Provided material

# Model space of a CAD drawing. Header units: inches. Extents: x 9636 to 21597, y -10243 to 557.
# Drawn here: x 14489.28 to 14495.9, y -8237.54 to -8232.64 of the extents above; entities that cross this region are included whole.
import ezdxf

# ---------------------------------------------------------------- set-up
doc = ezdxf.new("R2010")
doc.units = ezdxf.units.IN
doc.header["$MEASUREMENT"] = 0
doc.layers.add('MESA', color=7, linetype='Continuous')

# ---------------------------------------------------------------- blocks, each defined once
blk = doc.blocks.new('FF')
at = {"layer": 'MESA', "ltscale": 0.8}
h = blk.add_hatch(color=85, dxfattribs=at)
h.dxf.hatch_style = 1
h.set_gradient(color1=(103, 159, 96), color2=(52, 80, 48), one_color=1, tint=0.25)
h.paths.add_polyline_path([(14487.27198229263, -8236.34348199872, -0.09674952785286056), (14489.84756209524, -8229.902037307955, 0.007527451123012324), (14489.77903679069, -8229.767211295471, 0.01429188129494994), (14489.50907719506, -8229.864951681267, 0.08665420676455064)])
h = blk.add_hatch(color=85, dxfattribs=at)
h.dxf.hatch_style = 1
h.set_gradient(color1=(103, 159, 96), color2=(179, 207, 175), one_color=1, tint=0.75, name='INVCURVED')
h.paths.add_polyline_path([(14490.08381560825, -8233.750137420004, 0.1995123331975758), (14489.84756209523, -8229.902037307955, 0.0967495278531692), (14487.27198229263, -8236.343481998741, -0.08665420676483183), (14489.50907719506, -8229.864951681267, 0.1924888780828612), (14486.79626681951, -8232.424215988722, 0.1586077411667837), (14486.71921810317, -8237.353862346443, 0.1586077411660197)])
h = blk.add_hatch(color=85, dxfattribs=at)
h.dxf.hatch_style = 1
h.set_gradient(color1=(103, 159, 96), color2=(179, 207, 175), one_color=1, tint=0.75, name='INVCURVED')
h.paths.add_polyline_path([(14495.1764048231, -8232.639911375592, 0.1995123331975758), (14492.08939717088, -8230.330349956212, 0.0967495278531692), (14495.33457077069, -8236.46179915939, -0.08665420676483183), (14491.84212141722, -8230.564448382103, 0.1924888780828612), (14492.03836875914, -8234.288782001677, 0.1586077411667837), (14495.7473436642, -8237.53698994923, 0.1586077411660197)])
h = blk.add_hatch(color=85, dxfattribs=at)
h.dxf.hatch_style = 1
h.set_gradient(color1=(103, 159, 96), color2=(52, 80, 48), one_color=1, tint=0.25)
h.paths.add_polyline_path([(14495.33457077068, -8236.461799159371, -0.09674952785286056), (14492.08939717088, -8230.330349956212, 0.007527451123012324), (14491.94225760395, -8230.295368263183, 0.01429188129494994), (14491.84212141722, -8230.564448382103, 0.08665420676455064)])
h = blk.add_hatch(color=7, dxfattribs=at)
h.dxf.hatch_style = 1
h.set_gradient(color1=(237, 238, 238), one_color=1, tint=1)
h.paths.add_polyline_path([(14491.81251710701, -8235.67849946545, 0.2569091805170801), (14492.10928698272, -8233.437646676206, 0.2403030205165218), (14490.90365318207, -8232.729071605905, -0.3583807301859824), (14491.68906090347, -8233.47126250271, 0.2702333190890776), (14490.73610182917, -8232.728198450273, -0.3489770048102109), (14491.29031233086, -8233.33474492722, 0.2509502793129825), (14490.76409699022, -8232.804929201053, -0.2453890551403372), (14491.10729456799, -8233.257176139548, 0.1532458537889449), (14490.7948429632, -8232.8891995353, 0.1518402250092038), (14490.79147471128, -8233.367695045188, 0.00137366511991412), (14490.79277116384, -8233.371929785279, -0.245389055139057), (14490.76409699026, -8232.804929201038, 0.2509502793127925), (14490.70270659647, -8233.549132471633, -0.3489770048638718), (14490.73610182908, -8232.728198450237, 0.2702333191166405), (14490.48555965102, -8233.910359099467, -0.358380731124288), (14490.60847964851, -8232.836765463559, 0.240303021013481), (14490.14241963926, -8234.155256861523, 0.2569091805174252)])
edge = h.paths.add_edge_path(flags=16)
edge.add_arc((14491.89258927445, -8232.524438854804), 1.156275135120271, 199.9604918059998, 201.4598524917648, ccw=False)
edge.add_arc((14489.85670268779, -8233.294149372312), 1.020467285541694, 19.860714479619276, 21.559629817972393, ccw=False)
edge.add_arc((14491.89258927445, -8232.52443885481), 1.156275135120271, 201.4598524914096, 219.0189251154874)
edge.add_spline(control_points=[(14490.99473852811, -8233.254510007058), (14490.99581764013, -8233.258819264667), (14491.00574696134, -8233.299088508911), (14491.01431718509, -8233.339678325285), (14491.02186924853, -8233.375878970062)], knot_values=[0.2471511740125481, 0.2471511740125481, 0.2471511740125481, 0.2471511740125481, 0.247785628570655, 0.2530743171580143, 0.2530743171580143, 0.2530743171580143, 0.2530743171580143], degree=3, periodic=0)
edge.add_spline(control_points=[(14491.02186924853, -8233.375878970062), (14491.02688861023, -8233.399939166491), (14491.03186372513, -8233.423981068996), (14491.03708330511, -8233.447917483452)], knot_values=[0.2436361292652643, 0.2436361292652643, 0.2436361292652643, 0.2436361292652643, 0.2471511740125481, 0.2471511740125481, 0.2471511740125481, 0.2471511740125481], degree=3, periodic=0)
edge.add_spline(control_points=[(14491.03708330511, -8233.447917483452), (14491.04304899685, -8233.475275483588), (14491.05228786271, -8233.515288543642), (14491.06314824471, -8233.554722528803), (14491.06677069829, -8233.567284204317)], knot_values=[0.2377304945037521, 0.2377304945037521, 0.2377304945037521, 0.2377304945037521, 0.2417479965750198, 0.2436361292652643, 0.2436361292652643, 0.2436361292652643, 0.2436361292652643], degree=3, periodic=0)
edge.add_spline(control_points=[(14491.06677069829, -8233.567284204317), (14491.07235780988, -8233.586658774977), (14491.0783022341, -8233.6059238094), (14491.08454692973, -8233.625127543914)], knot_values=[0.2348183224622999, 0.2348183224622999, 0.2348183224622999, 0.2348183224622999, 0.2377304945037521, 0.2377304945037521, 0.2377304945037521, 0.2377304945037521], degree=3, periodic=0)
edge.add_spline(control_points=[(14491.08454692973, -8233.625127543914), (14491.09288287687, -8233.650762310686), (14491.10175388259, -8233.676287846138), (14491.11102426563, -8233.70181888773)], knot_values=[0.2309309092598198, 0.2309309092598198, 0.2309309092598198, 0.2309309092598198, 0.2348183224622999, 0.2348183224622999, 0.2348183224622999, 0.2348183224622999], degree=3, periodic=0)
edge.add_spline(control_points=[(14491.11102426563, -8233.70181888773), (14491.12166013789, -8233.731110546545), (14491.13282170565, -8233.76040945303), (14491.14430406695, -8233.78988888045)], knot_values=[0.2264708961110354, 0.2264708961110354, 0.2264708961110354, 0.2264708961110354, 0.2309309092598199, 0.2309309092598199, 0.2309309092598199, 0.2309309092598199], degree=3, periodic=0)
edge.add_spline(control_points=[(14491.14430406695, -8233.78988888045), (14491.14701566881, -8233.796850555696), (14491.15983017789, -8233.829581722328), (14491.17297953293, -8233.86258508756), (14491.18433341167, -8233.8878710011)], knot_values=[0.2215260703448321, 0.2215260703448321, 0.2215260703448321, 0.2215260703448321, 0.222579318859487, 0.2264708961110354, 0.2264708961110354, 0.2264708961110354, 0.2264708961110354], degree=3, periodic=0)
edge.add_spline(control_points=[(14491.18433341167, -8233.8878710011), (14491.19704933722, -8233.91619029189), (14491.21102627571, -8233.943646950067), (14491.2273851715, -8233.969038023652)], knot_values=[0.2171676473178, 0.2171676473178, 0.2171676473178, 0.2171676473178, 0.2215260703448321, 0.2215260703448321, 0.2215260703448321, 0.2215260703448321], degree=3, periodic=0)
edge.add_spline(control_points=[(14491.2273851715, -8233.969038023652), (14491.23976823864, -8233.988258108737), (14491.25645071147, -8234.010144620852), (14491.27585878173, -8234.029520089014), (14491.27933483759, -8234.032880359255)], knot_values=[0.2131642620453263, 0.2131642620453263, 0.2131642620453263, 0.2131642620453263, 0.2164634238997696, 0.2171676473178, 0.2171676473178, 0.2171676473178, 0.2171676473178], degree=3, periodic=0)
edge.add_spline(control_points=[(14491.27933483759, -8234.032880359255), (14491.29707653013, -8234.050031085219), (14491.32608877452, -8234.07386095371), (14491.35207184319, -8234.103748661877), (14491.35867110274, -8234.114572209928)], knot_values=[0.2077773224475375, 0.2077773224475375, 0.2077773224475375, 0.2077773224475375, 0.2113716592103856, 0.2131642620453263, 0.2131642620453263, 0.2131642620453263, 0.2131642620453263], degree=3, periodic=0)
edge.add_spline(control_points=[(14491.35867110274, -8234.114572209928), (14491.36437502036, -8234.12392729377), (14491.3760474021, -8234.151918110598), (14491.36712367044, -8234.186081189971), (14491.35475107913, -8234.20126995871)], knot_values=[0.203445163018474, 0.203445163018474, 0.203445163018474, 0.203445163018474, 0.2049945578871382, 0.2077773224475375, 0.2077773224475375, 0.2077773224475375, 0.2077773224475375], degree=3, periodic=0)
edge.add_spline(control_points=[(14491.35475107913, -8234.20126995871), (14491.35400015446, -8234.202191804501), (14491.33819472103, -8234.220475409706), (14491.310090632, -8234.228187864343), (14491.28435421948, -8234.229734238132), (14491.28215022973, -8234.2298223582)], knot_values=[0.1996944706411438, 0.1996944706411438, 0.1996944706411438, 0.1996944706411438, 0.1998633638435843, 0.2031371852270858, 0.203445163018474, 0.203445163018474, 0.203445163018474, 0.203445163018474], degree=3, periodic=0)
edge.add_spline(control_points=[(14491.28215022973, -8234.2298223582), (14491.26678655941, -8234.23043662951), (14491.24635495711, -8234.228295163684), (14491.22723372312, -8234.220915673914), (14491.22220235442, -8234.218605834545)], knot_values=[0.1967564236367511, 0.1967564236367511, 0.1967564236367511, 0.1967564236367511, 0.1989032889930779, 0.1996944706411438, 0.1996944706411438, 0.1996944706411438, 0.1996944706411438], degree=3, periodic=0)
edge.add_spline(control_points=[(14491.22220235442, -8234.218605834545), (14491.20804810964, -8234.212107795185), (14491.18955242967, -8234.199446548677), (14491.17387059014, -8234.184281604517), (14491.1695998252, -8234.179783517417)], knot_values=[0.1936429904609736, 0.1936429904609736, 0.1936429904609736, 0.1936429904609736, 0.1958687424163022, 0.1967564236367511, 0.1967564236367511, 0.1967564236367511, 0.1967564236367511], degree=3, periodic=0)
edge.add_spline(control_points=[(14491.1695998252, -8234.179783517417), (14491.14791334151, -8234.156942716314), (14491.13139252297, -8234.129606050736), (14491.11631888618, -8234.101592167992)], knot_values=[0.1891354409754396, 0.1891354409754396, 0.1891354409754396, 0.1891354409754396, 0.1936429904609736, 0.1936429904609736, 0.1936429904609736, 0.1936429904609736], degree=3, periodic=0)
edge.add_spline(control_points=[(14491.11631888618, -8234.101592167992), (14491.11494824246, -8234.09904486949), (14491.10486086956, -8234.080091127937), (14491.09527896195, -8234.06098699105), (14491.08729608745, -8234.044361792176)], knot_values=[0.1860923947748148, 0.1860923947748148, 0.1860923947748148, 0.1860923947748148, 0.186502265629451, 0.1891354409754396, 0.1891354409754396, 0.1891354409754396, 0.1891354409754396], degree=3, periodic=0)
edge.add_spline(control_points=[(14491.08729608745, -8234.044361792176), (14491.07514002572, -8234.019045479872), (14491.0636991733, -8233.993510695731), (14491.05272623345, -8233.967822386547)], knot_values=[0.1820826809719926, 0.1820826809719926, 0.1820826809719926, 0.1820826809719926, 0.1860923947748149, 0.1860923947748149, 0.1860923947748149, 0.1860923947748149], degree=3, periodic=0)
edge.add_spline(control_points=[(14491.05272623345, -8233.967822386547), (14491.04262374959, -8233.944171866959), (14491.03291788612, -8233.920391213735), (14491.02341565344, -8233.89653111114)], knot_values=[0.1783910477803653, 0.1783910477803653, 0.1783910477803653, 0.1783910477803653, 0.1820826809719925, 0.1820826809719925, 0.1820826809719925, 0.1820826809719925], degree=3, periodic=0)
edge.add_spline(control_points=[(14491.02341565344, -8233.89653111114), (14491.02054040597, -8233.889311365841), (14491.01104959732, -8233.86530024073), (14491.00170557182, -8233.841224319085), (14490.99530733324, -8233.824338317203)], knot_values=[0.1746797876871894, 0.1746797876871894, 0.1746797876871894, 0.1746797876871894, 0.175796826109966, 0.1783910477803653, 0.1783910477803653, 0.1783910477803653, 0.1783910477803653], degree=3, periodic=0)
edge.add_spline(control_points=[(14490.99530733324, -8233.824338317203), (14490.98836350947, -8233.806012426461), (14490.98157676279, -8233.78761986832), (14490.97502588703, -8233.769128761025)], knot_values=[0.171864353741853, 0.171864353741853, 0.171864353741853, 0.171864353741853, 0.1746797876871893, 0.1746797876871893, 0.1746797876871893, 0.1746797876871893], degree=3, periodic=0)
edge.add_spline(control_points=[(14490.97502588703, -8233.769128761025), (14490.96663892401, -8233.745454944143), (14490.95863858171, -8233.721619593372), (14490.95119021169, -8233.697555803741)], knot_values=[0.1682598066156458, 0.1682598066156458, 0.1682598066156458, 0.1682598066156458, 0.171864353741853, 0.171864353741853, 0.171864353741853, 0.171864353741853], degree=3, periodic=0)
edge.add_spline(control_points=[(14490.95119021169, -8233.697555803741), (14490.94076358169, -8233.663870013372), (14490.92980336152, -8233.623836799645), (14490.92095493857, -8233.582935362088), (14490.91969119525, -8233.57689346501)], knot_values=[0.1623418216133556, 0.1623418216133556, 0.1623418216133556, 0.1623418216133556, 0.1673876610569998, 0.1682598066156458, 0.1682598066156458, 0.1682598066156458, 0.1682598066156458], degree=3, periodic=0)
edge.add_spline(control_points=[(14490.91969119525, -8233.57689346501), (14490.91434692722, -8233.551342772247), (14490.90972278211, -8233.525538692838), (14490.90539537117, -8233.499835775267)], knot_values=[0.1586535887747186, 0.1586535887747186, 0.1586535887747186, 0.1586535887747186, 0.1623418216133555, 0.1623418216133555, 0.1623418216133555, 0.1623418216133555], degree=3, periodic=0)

Your instructions
Your answer should consist of all lines above that include the string "False".

Output below
edge.add_arc((14491.89258927445, -8232.524438854804), 1.156275135120271, 199.9604918059998, 201.4598524917648, ccw=False)
edge.add_arc((14489.85670268779, -8233.294149372312), 1.020467285541694, 19.860714479619276, 21.559629817972393, ccw=False)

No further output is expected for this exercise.